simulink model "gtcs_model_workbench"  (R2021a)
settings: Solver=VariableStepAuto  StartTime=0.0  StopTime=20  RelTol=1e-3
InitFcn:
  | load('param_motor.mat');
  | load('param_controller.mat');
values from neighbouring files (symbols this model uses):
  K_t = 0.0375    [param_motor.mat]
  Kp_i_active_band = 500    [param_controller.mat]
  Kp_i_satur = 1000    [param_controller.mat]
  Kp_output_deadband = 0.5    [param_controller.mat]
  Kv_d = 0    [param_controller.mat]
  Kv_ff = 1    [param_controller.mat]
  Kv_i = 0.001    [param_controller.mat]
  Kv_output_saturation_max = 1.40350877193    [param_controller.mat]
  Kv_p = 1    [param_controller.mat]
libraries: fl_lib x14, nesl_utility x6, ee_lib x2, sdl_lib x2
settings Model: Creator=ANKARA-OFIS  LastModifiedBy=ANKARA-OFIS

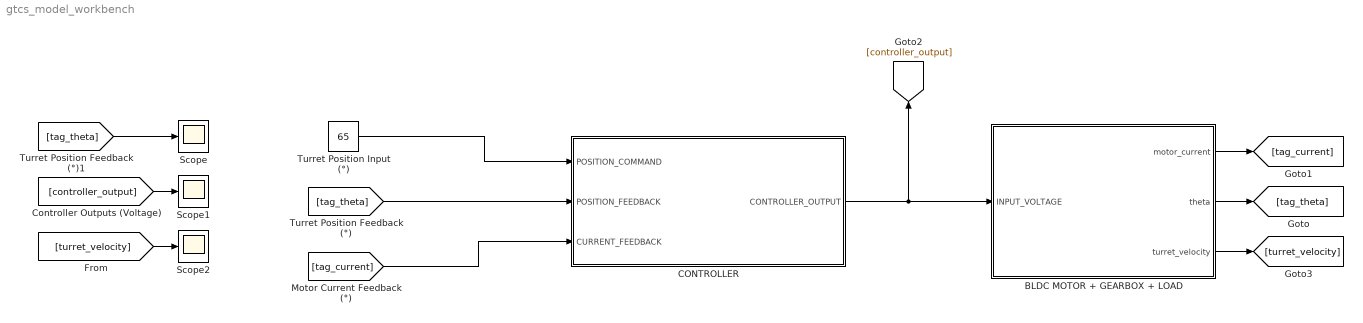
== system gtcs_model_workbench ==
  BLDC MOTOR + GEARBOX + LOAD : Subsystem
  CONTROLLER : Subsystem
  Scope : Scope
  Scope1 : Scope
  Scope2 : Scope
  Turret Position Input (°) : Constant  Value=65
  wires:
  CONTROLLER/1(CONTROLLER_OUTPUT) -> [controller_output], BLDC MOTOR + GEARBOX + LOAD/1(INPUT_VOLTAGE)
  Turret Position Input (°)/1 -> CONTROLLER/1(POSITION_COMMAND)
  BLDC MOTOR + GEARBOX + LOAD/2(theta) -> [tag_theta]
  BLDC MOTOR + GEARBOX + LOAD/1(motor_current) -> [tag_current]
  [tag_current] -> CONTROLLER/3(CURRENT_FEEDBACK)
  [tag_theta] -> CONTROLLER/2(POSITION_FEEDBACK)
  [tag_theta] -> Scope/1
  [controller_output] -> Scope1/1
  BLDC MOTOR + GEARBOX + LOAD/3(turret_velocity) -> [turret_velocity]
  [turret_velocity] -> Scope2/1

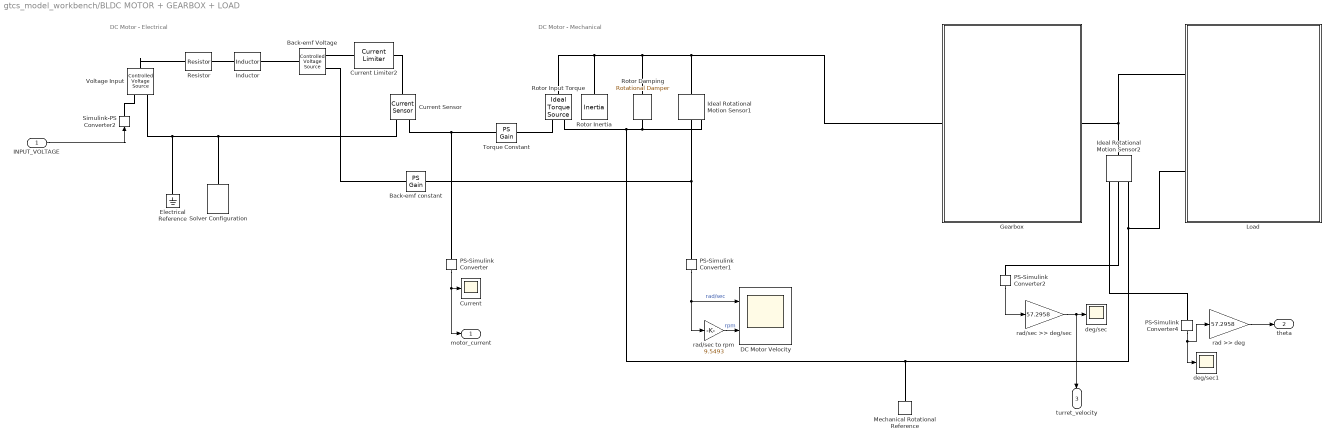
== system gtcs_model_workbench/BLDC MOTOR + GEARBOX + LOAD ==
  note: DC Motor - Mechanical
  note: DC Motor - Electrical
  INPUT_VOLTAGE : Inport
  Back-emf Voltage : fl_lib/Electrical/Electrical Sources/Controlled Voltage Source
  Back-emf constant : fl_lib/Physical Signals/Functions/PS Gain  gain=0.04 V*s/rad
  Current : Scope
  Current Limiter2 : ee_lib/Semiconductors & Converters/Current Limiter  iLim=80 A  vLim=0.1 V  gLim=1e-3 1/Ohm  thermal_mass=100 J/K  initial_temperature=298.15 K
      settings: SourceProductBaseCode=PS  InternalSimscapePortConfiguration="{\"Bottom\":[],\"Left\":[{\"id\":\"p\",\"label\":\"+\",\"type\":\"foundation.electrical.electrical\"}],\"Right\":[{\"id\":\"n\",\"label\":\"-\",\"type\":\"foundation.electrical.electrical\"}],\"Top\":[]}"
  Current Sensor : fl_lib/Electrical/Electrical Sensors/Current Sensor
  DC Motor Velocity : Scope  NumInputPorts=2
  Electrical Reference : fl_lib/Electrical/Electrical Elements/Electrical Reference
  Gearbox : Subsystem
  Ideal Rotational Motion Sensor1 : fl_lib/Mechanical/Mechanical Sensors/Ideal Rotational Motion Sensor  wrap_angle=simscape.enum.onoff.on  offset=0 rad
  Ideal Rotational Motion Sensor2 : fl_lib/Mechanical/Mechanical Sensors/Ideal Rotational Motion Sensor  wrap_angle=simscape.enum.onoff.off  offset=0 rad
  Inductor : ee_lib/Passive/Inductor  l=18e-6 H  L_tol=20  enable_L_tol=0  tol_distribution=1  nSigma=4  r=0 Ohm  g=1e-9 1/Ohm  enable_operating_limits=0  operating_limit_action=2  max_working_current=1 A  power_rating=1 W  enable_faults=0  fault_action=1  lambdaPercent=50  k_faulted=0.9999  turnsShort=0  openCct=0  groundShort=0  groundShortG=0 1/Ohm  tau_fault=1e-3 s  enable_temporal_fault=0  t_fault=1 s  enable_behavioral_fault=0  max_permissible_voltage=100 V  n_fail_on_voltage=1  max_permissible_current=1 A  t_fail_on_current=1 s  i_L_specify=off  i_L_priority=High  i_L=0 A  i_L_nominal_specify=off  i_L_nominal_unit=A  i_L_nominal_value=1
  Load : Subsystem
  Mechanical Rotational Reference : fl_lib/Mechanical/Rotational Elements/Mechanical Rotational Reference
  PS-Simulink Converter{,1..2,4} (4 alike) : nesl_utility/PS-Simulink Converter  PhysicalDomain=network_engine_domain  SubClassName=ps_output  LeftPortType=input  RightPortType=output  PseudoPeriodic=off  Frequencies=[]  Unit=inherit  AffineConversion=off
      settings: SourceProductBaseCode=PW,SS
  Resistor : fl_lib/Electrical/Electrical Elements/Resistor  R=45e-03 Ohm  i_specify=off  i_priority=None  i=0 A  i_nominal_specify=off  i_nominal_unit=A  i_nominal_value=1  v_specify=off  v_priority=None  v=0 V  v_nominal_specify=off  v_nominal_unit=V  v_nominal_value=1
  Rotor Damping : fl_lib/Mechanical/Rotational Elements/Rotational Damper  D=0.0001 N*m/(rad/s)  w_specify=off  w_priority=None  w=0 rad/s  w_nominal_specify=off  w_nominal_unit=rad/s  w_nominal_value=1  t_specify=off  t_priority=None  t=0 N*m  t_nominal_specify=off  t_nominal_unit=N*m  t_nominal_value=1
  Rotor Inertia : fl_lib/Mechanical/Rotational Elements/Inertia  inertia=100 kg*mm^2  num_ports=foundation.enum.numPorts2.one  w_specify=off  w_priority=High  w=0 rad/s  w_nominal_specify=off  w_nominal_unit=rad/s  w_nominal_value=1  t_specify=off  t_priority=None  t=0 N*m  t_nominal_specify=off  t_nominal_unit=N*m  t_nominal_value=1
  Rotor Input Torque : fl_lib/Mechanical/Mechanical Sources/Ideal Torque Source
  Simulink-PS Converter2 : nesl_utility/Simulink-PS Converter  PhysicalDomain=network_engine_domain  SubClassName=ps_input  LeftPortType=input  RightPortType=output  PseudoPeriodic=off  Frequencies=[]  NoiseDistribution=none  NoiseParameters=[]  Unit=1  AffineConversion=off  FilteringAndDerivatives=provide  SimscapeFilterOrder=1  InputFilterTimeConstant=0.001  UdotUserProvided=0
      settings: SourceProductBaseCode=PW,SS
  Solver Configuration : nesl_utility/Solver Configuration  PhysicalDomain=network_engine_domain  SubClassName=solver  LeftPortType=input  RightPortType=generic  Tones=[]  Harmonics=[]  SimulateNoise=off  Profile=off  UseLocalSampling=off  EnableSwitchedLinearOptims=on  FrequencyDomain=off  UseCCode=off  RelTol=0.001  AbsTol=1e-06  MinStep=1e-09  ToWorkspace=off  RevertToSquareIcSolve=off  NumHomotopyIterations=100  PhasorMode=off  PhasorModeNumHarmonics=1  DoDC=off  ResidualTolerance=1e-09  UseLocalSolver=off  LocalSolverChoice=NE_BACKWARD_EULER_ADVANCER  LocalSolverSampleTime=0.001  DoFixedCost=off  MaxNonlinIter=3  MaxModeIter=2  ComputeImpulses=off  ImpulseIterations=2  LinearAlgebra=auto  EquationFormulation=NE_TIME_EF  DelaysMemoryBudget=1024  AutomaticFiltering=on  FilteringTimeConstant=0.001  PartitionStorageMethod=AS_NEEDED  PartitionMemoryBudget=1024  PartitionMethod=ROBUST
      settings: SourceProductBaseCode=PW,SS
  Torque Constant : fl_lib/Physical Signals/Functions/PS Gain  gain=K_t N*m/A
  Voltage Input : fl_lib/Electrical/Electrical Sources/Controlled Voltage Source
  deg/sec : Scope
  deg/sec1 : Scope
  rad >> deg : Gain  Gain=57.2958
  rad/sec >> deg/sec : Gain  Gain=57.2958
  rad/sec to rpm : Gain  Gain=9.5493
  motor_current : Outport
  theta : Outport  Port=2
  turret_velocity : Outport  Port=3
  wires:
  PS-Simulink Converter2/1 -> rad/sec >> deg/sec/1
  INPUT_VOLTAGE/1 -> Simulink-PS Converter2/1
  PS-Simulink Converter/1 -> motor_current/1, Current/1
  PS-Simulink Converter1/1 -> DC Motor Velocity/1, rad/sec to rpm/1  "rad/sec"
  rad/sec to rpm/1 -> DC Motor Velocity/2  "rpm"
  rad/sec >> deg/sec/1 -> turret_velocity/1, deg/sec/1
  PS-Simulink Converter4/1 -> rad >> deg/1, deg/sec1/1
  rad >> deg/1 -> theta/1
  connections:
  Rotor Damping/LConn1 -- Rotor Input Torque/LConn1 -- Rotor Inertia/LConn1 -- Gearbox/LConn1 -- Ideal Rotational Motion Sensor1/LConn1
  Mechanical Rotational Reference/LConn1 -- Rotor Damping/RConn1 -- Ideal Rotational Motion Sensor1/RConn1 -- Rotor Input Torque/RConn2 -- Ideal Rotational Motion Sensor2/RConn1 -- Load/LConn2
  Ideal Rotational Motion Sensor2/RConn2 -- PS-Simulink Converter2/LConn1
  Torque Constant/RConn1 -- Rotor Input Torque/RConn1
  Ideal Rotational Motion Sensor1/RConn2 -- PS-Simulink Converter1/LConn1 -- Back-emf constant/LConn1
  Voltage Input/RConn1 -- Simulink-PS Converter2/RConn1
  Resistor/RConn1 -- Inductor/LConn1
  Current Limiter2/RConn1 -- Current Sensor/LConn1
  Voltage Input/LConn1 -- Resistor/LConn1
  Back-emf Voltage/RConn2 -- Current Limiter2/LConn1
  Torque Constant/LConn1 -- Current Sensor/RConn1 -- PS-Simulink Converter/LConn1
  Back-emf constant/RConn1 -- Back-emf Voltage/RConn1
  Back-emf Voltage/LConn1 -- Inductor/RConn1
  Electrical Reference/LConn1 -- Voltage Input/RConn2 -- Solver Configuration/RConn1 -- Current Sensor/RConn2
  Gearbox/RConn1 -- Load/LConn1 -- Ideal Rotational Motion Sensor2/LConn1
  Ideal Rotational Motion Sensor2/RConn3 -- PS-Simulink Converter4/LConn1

▸ **What is required**: The lines needed are those in the data above that hold the string "Sensors"; copy each of them.

▸ **Written response**:
  Current Sensor : fl_lib/Electrical/Electrical Sensors/Current Sensor
  Ideal Rotational Motion Sensor1 : fl_lib/Mechanical/Mechanical Sensors/Ideal Rotational Motion Sensor  wrap_angle=simscape.enum.onoff.on  offset=0 rad
  Ideal Rotational Motion Sensor2 : fl_lib/Mechanical/Mechanical Sensors/Ideal Rotational Motion Sensor  wrap_angle=simscape.enum.onoff.off  offset=0 rad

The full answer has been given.